Relatório Otálvora: Rússia coordena ações com Cuba e Maduro

EDGAR C. OTÁLVORA

@ecotalvora

O governo russo intervém novamente na crise venezuelana denunciando supostas e inacreditáveis ações estrangeiras. Durante sua coletiva de imprensa semanal de 15AGO2019, a porta-voz do Ministério das Relações Exteriores da Rússia, Maria Zakharova, disse que a Grã-Bretanha e a Guiana planejariam atuar na Venezuela.

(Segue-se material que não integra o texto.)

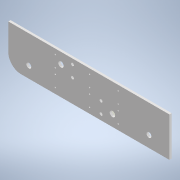
# Autodesk Inventor part: new sidewall inside
Saved by Autodesk Inventor 2020 (Build 240168000, 168)
## iProperties
Created: 2020-02-26
Part Number: new sidewall inside
Material: Generic
Document SubType Name: Modeling
Designer: jackm
Density: 1 g/cm^3
Appearance: Default
Author: jackm
Autodesk Inventor part; units mm, degrees
ref_plane "YZ Plane" through (0, 0, 0) normal (1, 0, 0) x (0, 1, 0)
ref_plane "XZ Plane" through (0, 0, 0) normal (0, 1, 0) x (-1, 0, 0)
ref_plane "XY Plane" through (0, 0, 0) normal (0, 0, 1) x (1, 0, 0)
ref_plane "Work Plane1" through (0, 0, 0) normal (0, 0, 1) x (1, 0, 0)
sketch "Sketch1" plane through (0, 0, 0) normal (0, 0, 1) x (1, 0, 0)
  circle A0 centre (104, 56) radius 1.778 construction
  circle A1 centre (104, 88) radius 1.778 construction
  circle A2 centre (184, 88) radius 1.778 construction
  line L0 (327.4055, 102.35) -> (327.4055, -7.6771) construction
  line L1 (-123.4445, 102.35) -> (327.4055, 102.35) construction
  line L2 (-123.4445, 27.6143) -> (-123.4445, 102.35) construction
  arc A3 (-123.4445, 27.6143) -> (-88.1531, -7.6771) centre (-88.1531, 27.6143) ccw construction
  line L3 (327.4055, -7.6771) -> (-88.1531, -7.6771) construction
  circle A4 centre (270.0149, 24.0729) radius 6.8857 construction
  circle A5 centre (-66.0538, 24.0729) radius 6.8834 construction
  circle A6 centre (168.0148, 24) radius 6.8834 construction
  circle A7 centre (23.9852, 72) radius 6.8834 construction
  line L4 (-123.4445, 102.35) -> (327.4055, 102.35)
  line L5 (327.4055, 102.35) -> (327.4055, -7.6771)
  line L6 (327.4055, -7.6771) -> (-88.1531, -7.6771)
  line L7 (-123.4445, 27.6143) -> (-123.4445, 102.35)
  arc A8 (-123.4445, 27.6143) -> (-88.1531, -7.6771) centre (-88.1531, 27.6143) ccw
  circle A9 centre (-66.0538, 24.0729) radius 6.8834
  circle A10 centre (270.0149, 24.0729) radius 6.8857
  circle A11 centre (23.9852, 72) radius 7.62
  circle A12 centre (168.0148, 24) radius 7.62
  circle A13 centre (56, 56) radius 3.5 construction
  circle A14 centre (136, 40) radius 3.5 construction
  circle A15 centre (136, 8) radius 3.5 construction
  circle A16 centre (56, 88) radius 3.5 construction
  circle A17 centre (56, 88) radius 4.064
  circle A18 centre (56, 56) radius 4.064
  circle A19 centre (136, 40) radius 4.064
  circle A20 centre (136, 8) radius 4.064
  line L8 (192, 0) -> (192, 48) construction
  line L9 (0, 48) -> (192, 48) construction
  line L10 (0, 0) -> (0, 48) construction
  line L11 (0, 0) -> (192, 0) construction
  circle A21 centre (168, 24) radius 7 construction
  circle A22 centre (144, 24) radius 7 construction
  arc A23 (160.9289, 33.8995) -> (158.1005, 31.0711) centre (159.5147, 32.4853) ccw construction
  line L12 (161.4142, 33.4142) -> (160.9289, 33.8995) construction
  arc A24 (158.5858, 30.5858) -> (161.4142, 33.4142) centre (160, 32) ccw construction
  line L13 (158.1005, 31.0711) -> (158.5858, 30.5858) construction
  line L14 (155.3137, 22) -> (156.6863, 22) construction
  arc A25 (155.3137, 26) -> (155.3137, 22) centre (155.3137, 24) ccw construction
  line L15 (156.6863, 26) -> (155.3137, 26) construction
  arc A26 (156.6863, 22) -> (156.6863, 26) centre (156.6863, 24) ccw construction
  arc A27 (158.1005, 16.9289) -> (160.9289, 14.1005) centre (159.5147, 15.5147) ccw construction
  line L16 (158.5858, 17.4142) -> (158.1005, 16.9289) construction
  arc A28 (161.4142, 14.5858) -> (158.5858, 17.4142) centre (160, 16) ccw construction
  line L17 (160.9289, 14.1005) -> (161.4142, 14.5858) construction
  arc A29 (177.8995, 31.0711) -> (175.0711, 33.8995) centre (176.4853, 32.4853) ccw construction
  line L18 (177.4142, 30.5858) -> (177.8995, 31.0711) construction
  arc A30 (174.5858, 33.4142) -> (177.4142, 30.5858) centre (176, 32) ccw construction
  line L19 (175.0711, 33.8995) -> (174.5858, 33.4142) construction
  line L20 (180.6863, 26) -> (179.3137, 26) construction
  arc A31 (180.6863, 22) -> (180.6863, 26) centre (180.6863, 24) ccw construction
  line L21 (179.3137, 22) -> (180.6863, 22) construction
  arc A32 (179.3137, 26) -> (179.3137, 22) centre (179.3137, 24) ccw construction
  line L22 (170, 35.3137) -> (170, 40) construction
  arc A33 (166, 35.3137) -> (170, 35.3137) centre (168, 35.3137) ccw construction
  line L23 (166, 40) -> (166, 35.3137) construction
  arc A34 (170, 40) -> (166, 40) centre (168, 40) ccw construction
  circle A35 centre (160, 40) radius 2 construction
  circle A36 centre (152, 40) radius 2 construction
  line L24 (146, 35.3137) -> (146, 40) construction
  arc A37 (142, 35.3137) -> (146, 35.3137) centre (144, 35.3137) ccw construction
  line L25 (142, 40) -> (142, 35.3137) construction
  arc A38 (146, 40) -> (142, 40) centre (144, 40) ccw construction
  circle A39 centre (136, 40) radius 2 construction
  circle A40 centre (128, 40) radius 2 construction
  line L26 (122, 35.3137) -> (122, 40) construction
  arc A41 (118, 35.3137) -> (122, 35.3137) centre (120, 35.3137) ccw construction
  line L27 (118, 40) -> (118, 35.3137) construction
  arc A42 (122, 40) -> (118, 40) centre (120, 40) ccw construction
  circle A43 centre (112, 40) radius 2 construction
  circle A44 centre (104, 40) radius 2 construction
  line L28 (98, 35.3137) -> (98, 40) construction
  arc A45 (94, 35.3137) -> (98, 35.3137) centre (96, 35.3137) ccw construction
  line L29 (94, 40) -> (94, 35.3137) construction
  arc A46 (98, 40) -> (94, 40) centre (96, 40) ccw construction
  circle A47 centre (88, 40) radius 2 construction
  circle A48 centre (80, 40) radius 2 construction
  line L30 (74, 35.3137) -> (74, 40) construction
  arc A49 (70, 35.3137) -> (74, 35.3137) centre (72, 35.3137) ccw construction
  line L31 (70, 40) -> (70, 35.3137) construction
  arc A50 (74, 40) -> (70, 40) centre (72, 40) ccw construction
  circle A51 centre (64, 40) radius 2 construction
  circle A52 centre (56, 40) radius 2 construction
  line L32 (50, 35.3137) -> (50, 40) construction
  arc A53 (46, 35.3137) -> (50, 35.3137) centre (48, 35.3137) ccw construction
  line L33 (46, 40) -> (46, 35.3137) construction
  arc A54 (50, 40) -> (46, 40) centre (48, 40) ccw construction
  circle A55 centre (40, 40) radius 2 construction
  circle A56 centre (32, 40) radius 2 construction
  line L34 (26, 35.3137) -> (26, 40) construction
  arc A57 (22, 35.3137) -> (26, 35.3137) centre (24, 35.3137) ccw construction
  line L35 (22, 40) -> (22, 35.3137) construction
  arc A58 (26, 40) -> (22, 40) centre (24, 40) ccw construction
  circle A59 centre (16, 40) radius 2 construction
  circle A60 centre (8, 40) radius 2 construction
  line L36 (166, 12.6863) -> (166, 8) construction
  arc A61 (170, 12.6863) -> (166, 12.6863) centre (168, 12.6863) ccw construction
  line L37 (170, 8) -> (170, 12.6863) construction
  arc A62 (166, 8) -> (170, 8) centre (168, 8) ccw construction
  circle A63 centre (160, 8) radius 2 construction
  circle A64 centre (152, 8) radius 2 construction
  line L38 (142, 12.6863) -> (142, 8) construction
  arc A65 (146, 12.6863) -> (142, 12.6863) centre (144, 12.6863) ccw construction
  line L39 (146, 8) -> (146, 12.6863) construction
  arc A66 (142, 8) -> (146, 8) centre (144, 8) ccw construction
  circle A67 centre (136, 8) radius 2 construction
  circle A68 centre (128, 8) radius 2 construction
  line L40 (118, 12.6863) -> (118, 8) construction
  arc A69 (122, 12.6863) -> (118, 12.6863) centre (120, 12.6863) ccw construction
  line L41 (122, 8) -> (122, 12.6863) construction
  arc A70 (118, 8) -> (122, 8) centre (120, 8) ccw construction
  circle A71 centre (112, 8) radius 2 construction
  circle A72 centre (104, 8) radius 2 construction
  line L42 (94, 12.6863) -> (94, 8) construction
  arc A73 (98, 12.6863) -> (94, 12.6863) centre (96, 12.6863) ccw construction
  line L43 (98, 8) -> (98, 12.6863) construction
  arc A74 (94, 8) -> (98, 8) centre (96, 8) ccw construction
  circle A75 centre (88, 8) radius 2 construction
  circle A76 centre (80, 8) radius 2 construction
  line L44 (70, 12.6863) -> (70, 8) construction
  arc A77 (74, 12.6863) -> (70, 12.6863) centre (72, 12.6863) ccw construction
  line L45 (74, 8) -> (74, 12.6863) construction
  arc A78 (70, 8) -> (74, 8) centre (72, 8) ccw construction
  circle A79 centre (64, 8) radius 2 construction
  circle A80 centre (56, 8) radius 2 construction
  line L46 (46, 12.6863) -> (46, 8) construction
  arc A81 (50, 12.6863) -> (46, 12.6863) centre (48, 12.6863) ccw construction
  line L47 (50, 8) -> (50, 12.6863) construction
  arc A82 (46, 8) -> (50, 8) centre (48, 8) ccw construction
  circle A83 centre (40, 8) radius 2 construction
  circle A84 centre (32, 8) radius 2 construction
  line L48 (22, 12.6863) -> (22, 8) construction
  arc A85 (26, 12.6863) -> (22, 12.6863) centre (24, 12.6863) ccw construction
  line L49 (26, 8) -> (26, 12.6863) construction
  arc A86 (22, 8) -> (26, 8) centre (24, 8) ccw construction
  circle A87 centre (16, 8) radius 2 construction
  circle A88 centre (8, 8) radius 2 construction
  arc A89 (9.8995, 31.0711) -> (7.0711, 33.8995) centre (8.4853, 32.4853) ccw construction
  line L50 (9.4142, 30.5858) -> (9.8995, 31.0711) construction
  arc A90 (6.5858, 33.4142) -> (9.4142, 30.5858) centre (8, 32) ccw construction
  line L51 (7.0711, 33.8995) -> (6.5858, 33.4142) construction
  arc A91 (7.0711, 14.1005) -> (9.8995, 16.9289) centre (8.4853, 15.5147) ccw construction
  line L52 (6.5858, 14.5858) -> (7.0711, 14.1005) construction
  arc A92 (9.4142, 17.4142) -> (6.5858, 14.5858) centre (8, 16) ccw construction
  line L53 (9.8995, 16.9289) -> (9.4142, 17.4142) construction
  arc A93 (184.9289, 33.8995) -> (182.1005, 31.0711) centre (183.5147, 32.4853) ccw construction
  line L54 (185.4142, 33.4142) -> (184.9289, 33.8995) construction
  arc A94 (182.5858, 30.5858) -> (185.4142, 33.4142) centre (184, 32) ccw construction
  line L55 (182.1005, 31.0711) -> (182.5858, 30.5858) construction
  arc A95 (182.1005, 16.9289) -> (184.9289, 14.1005) centre (183.5147, 15.5147) ccw construction
  line L56 (182.5858, 17.4142) -> (182.1005, 16.9289) construction
  arc A96 (185.4142, 14.5858) -> (182.5858, 17.4142) centre (184, 16) ccw construction
  line L57 (184.9289, 14.1005) -> (185.4142, 14.5858) construction
  circle A97 centre (176, 8) radius 2 construction
  circle A98 centre (176, 40) radius 2 construction
  circle A99 centre (184, 40) radius 2 construction
  circle A100 centre (184, 8) radius 2 construction
  arc A101 (33.8995, 31.0711) -> (31.0711, 33.8995) centre (32.4853, 32.4853) ccw construction
  line L58 (33.4142, 30.5858) -> (33.8995, 31.0711) construction
  arc A102 (30.5858, 33.4142) -> (33.4142, 30.5858) centre (32, 32) ccw construction
  line L59 (31.0711, 33.8995) -> (30.5858, 33.4142) construction
  arc A103 (57.8995, 31.0711) -> (55.0711, 33.8995) centre (56.4853, 32.4853) ccw construction
  line L60 (57.4142, 30.5858) -> (57.8995, 31.0711) construction
  arc A104 (54.5858, 33.4142) -> (57.4142, 30.5858) centre (56, 32) ccw construction
  line L61 (55.0711, 33.8995) -> (54.5858, 33.4142) construction
  arc A105 (81.8995, 31.0711) -> (79.0711, 33.8995) centre (80.4853, 32.4853) ccw construction
  line L62 (81.4142, 30.5858) -> (81.8995, 31.0711) construction
  arc A106 (78.5858, 33.4142) -> (81.4142, 30.5858) centre (80, 32) ccw construction
  line L63 (79.0711, 33.8995) -> (78.5858, 33.4142) construction
  arc A107 (105.8995, 31.0711) -> (103.0711, 33.8995) centre (104.4853, 32.4853) ccw construction
  line L64 (105.4142, 30.5858) -> (105.8995, 31.0711) construction
  arc A108 (102.5858, 33.4142) -> (105.4142, 30.5858) centre (104, 32) ccw construction
  line L65 (103.0711, 33.8995) -> (102.5858, 33.4142) construction
  arc A109 (129.8995, 31.0711) -> (127.0711, 33.8995) centre (128.4853, 32.4853) ccw construction
  line L66 (129.4142, 30.5858) -> (129.8995, 31.0711) construction
  arc A110 (126.5858, 33.4142) -> (129.4142, 30.5858) centre (128, 32) ccw construction
  line L67 (127.0711, 33.8995) -> (126.5858, 33.4142) construction
  arc A111 (153.8995, 31.0711) -> (151.0711, 33.8995) centre (152.4853, 32.4853) ccw construction
  line L68 (153.4142, 30.5858) -> (153.8995, 31.0711) construction
  arc A112 (150.5858, 33.4142) -> (153.4142, 30.5858) centre (152, 32) ccw construction
  line L69 (151.0711, 33.8995) -> (150.5858, 33.4142) construction
  arc A113 (14.1005, 16.9289) -> (16.9289, 14.1005) centre (15.5147, 15.5147) ccw construction
  line L70 (14.5858, 17.4142) -> (14.1005, 16.9289) construction
  arc A114 (17.4142, 14.5858) -> (14.5858, 17.4142) centre (16, 16) ccw construction
  line L71 (16.9289, 14.1005) -> (17.4142, 14.5858) construction
  arc A115 (38.1005, 16.9289) -> (40.9289, 14.1005) centre (39.5147, 15.5147) ccw construction
  line L72 (38.5858, 17.4142) -> (38.1005, 16.9289) construction
  arc A116 (41.4142, 14.5858) -> (38.5858, 17.4142) centre (40, 16) ccw construction
  line L73 (40.9289, 14.1005) -> (41.4142, 14.5858) construction
  arc A117 (62.1005, 16.9289) -> (64.9289, 14.1005) centre (63.5147, 15.5147) ccw construction
  line L74 (62.5858, 17.4142) -> (62.1005, 16.9289) construction
  arc A118 (65.4142, 14.5858) -> (62.5858, 17.4142) centre (64, 16) ccw construction
  line L75 (64.9289, 14.1005) -> (65.4142, 14.5858) construction
  arc A119 (86.1005, 16.9289) -> (88.9289, 14.1005) centre (87.5147, 15.5147) ccw construction
  line L76 (86.5858, 17.4142) -> (86.1005, 16.9289) construction
  arc A120 (89.4142, 14.5858) -> (86.5858, 17.4142) centre (88, 16) ccw construction
  line L77 (88.9289, 14.1005) -> (89.4142, 14.5858) construction
  arc A121 (110.1005, 16.9289) -> (112.9289, 14.1005) centre (111.5147, 15.5147) ccw construction
  line L78 (110.5858, 17.4142) -> (110.1005, 16.9289) construction
  arc A122 (113.4142, 14.5858) -> (110.5858, 17.4142) centre (112, 16) ccw construction
  line L79 (112.9289, 14.1005) -> (113.4142, 14.5858) construction
  arc A123 (134.1005, 16.9289) -> (136.9289, 14.1005) centre (135.5147, 15.5147) ccw construction
  line L80 (134.5858, 17.4142) -> (134.1005, 16.9289) construction
  arc A124 (137.4142, 14.5858) -> (134.5858, 17.4142) centre (136, 16) ccw construction
  line L81 (136.9289, 14.1005) -> (137.4142, 14.5858) construction
  arc A125 (11.3137, 26) -> (11.3137, 22) centre (11.3137, 24) ccw construction
  line L82 (12.6863, 26) -> (11.3137, 26) construction
  arc A126 (12.6863, 22) -> (12.6863, 26) centre (12.6863, 24) ccw construction
  line L83 (11.3137, 22) -> (12.6863, 22) construction
  line L84 (35.3137, 22) -> (36.6863, 22) construction
  arc A127 (35.3137, 26) -> (35.3137, 22) centre (35.3137, 24) ccw construction
  line L85 (36.6863, 26) -> (35.3137, 26) construction
  arc A128 (36.6863, 22) -> (36.6863, 26) centre (36.6863, 24) ccw construction
  line L86 (59.3137, 22) -> (60.6863, 22) construction
  arc A129 (59.3137, 26) -> (59.3137, 22) centre (59.3137, 24) ccw construction
  line L87 (60.6863, 26) -> (59.3137, 26) construction
  arc A130 (60.6863, 22) -> (60.6863, 26) centre (60.6863, 24) ccw construction
  line L88 (83.3137, 22) -> (84.6863, 22) construction
  arc A131 (83.3137, 26) -> (83.3137, 22) centre (83.3137, 24) ccw construction
  line L89 (84.6863, 26) -> (83.3137, 26) construction
  arc A132 (84.6863, 22) -> (84.6863, 26) centre (84.6863, 24) ccw construction
  line L90 (107.3137, 22) -> (108.6863, 22) construction
  arc A133 (107.3137, 26) -> (107.3137, 22) centre (107.3137, 24) ccw construction
  line L91 (108.6863, 26) -> (107.3137, 26) construction
  arc A134 (108.6863, 22) -> (108.6863, 26) centre (108.6863, 24) ccw construction
  line L92 (131.3137, 22) -> (132.6863, 22) construction
  arc A135 (131.3137, 26) -> (131.3137, 22) centre (131.3137, 24) ccw construction
  line L93 (132.6863, 26) -> (131.3137, 26) construction
  arc A136 (132.6863, 22) -> (132.6863, 26) centre (132.6863, 24) ccw construction
  arc A137 (16.9289, 33.8995) -> (14.1005, 31.0711) centre (15.5147, 32.4853) ccw construction
  line L94 (17.4142, 33.4142) -> (16.9289, 33.8995) construction
  arc A138 (14.5858, 30.5858) -> (17.4142, 33.4142) centre (16, 32) ccw construction
  line L95 (14.1005, 31.0711) -> (14.5858, 30.5858) construction
  arc A139 (40.9289, 33.8995) -> (38.1005, 31.0711) centre (39.5147, 32.4853) ccw construction
  line L96 (41.4142, 33.4142) -> (40.9289, 33.8995) construction
  arc A140 (38.5858, 30.5858) -> (41.4142, 33.4142) centre (40, 32) ccw construction
  line L97 (38.1005, 31.0711) -> (38.5858, 30.5858) construction
  arc A141 (64.9289, 33.8995) -> (62.1005, 31.0711) centre (63.5147, 32.4853) ccw construction
  line L98 (65.4142, 33.4142) -> (64.9289, 33.8995) construction
  arc A142 (62.5858, 30.5858) -> (65.4142, 33.4142) centre (64, 32) ccw construction
  line L99 (62.1005, 31.0711) -> (62.5858, 30.5858) construction
  arc A143 (88.9289, 33.8995) -> (86.1005, 31.0711) centre (87.5147, 32.4853) ccw construction
  line L100 (89.4142, 33.4142) -> (88.9289, 33.8995) construction
  arc A144 (86.5858, 30.5858) -> (89.4142, 33.4142) centre (88, 32) ccw construction
  line L101 (86.1005, 31.0711) -> (86.5858, 30.5858) construction
  arc A145 (112.9289, 33.8995) -> (110.1005, 31.0711) centre (111.5147, 32.4853) ccw construction
  line L102 (113.4142, 33.4142) -> (112.9289, 33.8995) construction
  arc A146 (110.5858, 30.5858) -> (113.4142, 33.4142) centre (112, 32) ccw construction
  line L103 (110.1005, 31.0711) -> (110.5858, 30.5858) construction
  arc A147 (136.9289, 33.8995) -> (134.1005, 31.0711) centre (135.5147, 32.4853) ccw construction
  line L104 (137.4142, 33.4142) -> (136.9289, 33.8995) construction
  arc A148 (134.5858, 30.5858) -> (137.4142, 33.4142) centre (136, 32) ccw construction
  line L105 (134.1005, 31.0711) -> (134.5858, 30.5858) construction
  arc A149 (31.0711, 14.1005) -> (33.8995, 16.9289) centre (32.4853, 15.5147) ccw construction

Zakharova fez as suas declarações longe de Moscou, na cidade de Orenburg, e sua apresentação sobre "A situação na Venezuela" foi um texto lido antes da seção de perguntas.

Segundo Zakharova, “os britânicos (…) estão completando a construção de uma base militar em uma das ilhas na foz do rio Esequibo (área contestada entre Venezuela e Guiana) com o pretexto, supostamente para impedir o contrabando de armas e drogas. Várias dezenas dos chamados "refugiados" da Venezuela já chegaram para receber treinamento como parte de grupos de reconhecimento e sabotagem e depois são enviados para o território venezuelano com o objetivo de desestabilizar a situação e realizar as ações apropriadas, de extremistas a terroristas."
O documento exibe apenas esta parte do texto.